Hardware refresh principle of Vsync signal

The hardware rendered RenderThread also listens for Vsync signals. In fact, in order to render more quickly, the RenderThread itself listens in native and executes a loop similar to viewrotimPL.

Let’s take a look at what we talked about in the last article. When the Vsync signal arrives, it will eventually execute the following method:

void RenderThread::dispatchFrameCallbacks() { ATRACE_CALL(); mFrameCallbackTaskPending = false; std::set<IFrameCallback*> callbacks; mFrameCallbacks.swap(callbacks); if (callbacks.size()) { requestVsync(); for (std::set<IFrameCallback*>::iterator it = callbacks.begin(); it ! = callbacks.end(); it++) { (*it)->doFrame(); }}}Copy the code

So when was the IFrameCallback object registered? There’s one method THAT I missed when I was talking about view Blog.

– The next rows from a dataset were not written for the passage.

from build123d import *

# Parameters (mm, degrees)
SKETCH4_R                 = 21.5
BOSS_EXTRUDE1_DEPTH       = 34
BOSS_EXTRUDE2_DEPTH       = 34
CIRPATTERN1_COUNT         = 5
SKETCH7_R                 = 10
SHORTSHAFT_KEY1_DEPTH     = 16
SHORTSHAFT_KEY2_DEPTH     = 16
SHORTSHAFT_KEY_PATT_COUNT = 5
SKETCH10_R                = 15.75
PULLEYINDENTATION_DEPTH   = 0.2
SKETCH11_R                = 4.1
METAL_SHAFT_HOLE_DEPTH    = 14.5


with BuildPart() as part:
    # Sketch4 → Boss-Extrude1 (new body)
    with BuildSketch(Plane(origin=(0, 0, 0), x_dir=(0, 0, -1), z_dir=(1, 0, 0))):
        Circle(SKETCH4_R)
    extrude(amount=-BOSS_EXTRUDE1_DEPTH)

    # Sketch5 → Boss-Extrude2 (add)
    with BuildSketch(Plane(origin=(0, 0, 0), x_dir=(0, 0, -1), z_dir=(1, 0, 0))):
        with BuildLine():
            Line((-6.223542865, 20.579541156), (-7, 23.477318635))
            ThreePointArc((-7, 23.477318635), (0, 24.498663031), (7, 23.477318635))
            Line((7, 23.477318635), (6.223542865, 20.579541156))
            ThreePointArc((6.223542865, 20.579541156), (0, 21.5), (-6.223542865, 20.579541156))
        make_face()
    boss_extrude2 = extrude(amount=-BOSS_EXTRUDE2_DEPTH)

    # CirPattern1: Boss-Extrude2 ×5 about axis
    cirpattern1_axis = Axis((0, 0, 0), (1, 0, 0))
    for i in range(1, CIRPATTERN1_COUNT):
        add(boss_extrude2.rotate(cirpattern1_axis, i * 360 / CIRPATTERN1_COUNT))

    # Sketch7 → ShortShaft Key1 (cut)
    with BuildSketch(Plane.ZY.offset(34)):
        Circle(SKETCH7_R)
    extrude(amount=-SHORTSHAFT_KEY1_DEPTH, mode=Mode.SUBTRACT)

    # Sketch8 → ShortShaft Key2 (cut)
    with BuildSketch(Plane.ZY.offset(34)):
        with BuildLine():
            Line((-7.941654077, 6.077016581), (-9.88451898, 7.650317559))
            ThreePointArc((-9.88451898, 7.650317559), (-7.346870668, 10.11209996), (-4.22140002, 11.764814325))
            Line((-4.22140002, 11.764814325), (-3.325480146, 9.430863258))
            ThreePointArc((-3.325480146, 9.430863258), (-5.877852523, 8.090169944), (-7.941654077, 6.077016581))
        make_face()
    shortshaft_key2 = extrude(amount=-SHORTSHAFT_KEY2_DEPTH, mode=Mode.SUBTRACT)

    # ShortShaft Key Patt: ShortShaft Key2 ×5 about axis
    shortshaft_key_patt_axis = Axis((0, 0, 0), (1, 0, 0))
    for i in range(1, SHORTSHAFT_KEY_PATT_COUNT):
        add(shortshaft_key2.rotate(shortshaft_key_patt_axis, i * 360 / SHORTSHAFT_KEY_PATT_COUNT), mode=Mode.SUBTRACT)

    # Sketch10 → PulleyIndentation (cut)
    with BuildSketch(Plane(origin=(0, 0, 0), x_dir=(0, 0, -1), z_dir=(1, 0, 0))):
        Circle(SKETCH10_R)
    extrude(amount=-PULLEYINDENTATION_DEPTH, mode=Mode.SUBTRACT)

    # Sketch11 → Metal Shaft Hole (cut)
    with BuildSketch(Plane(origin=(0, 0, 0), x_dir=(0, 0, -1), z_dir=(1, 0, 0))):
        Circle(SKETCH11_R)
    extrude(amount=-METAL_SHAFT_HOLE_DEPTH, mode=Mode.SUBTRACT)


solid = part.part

void scheduleTraversals() { if (! mTraversalScheduled) { mTraversalScheduled = true; mTraversalBarrier = mHandler.getLooper().getQueue().postSyncBarrier(); mChoreographer.postCallback( Choreographer.CALLBACK_TRAVERSAL, mTraversalRunnable, null); . notifyRendererOfFramePending(); pokeDrawLockIfNeeded(); }}Copy the code

Whenever mChoreographer sends a CALLBACK_TRAVERSAL to Handler in the Loop for the next round of View rendering process after processing, will perform notifyRendererOfFramePending method:

    void notifyRendererOfFramePending() {
        if (mAttachInfo.mThreadedRenderer != null) {
            mAttachInfo.mThreadedRenderer.notifyFramePending();
        }
    }
Copy the code

And this method is essentially ThreadedRenderer calling the pushBackFrameCallback of CanvasContext via RenderProxy:

void CanvasContext::notifyFramePending() {
    mRenderThread.pushBackFrameCallback(this);
}
Copy the code

At this point, you’ve actually registered the callback to the CanvasContext. In other words, every time the RenderThread receives a VSync signal, it goes into the doFrame callback of the CanvasContext.

void CanvasContext::doFrame() { if (! mRenderPipeline->isSurfaceReady()) return; prepareAndDraw(nullptr); }Copy the code

void CanvasContext::prepareAndDraw(RenderNode* node) {

    nsecs_t vsync = mRenderThread.timeLord().computeFrameTimeNanos();
    int64_t frameInfo[UI_THREAD_FRAME_INFO_SIZE];
    UiFrameInfoBuilder(frameInfo).addFlag(FrameInfoFlags::RTAnimation).setVsync(vsync, vsync);

    TreeInfo info(TreeInfo::MODE_RT_ONLY, *this);
    prepareTree(info, frameInfo, systemTime(CLOCK_MONOTONIC), node);
    if (info.out.canDrawThisFrame) {
        draw();
    } else {
        waitOnFences();
    }
}
Copy the code

You can see that the process is almost the same as before:

PrepareTree processes the display hierarchy of the whole View, constructs the draw operation recordedOp and generates OffscreenBuffer
2. Draw to render

If the fence is already drawing and canDrawThisFrame is false, the fence waits.

conclusion

Here the main process and principle of hardware rendering and we have analyzed, about the Skia rendering pipeline and Vulkan related rendering pipeline related operations, here is not much more detailed. However, we will come back to skIA-related topics after IMS, PMS and the other three components talk to you.

As usual, let’s start with the sequence diagram:

We just need to focus on what’s going on in the ThreadedRenderer drawing process? When the ThreadedRenderer is ready to start drawing, the RenderProxy is notified, the drawing event is pushed into the RenderThread for queued execution, and the drawFrame ETask run method is used to start drawing.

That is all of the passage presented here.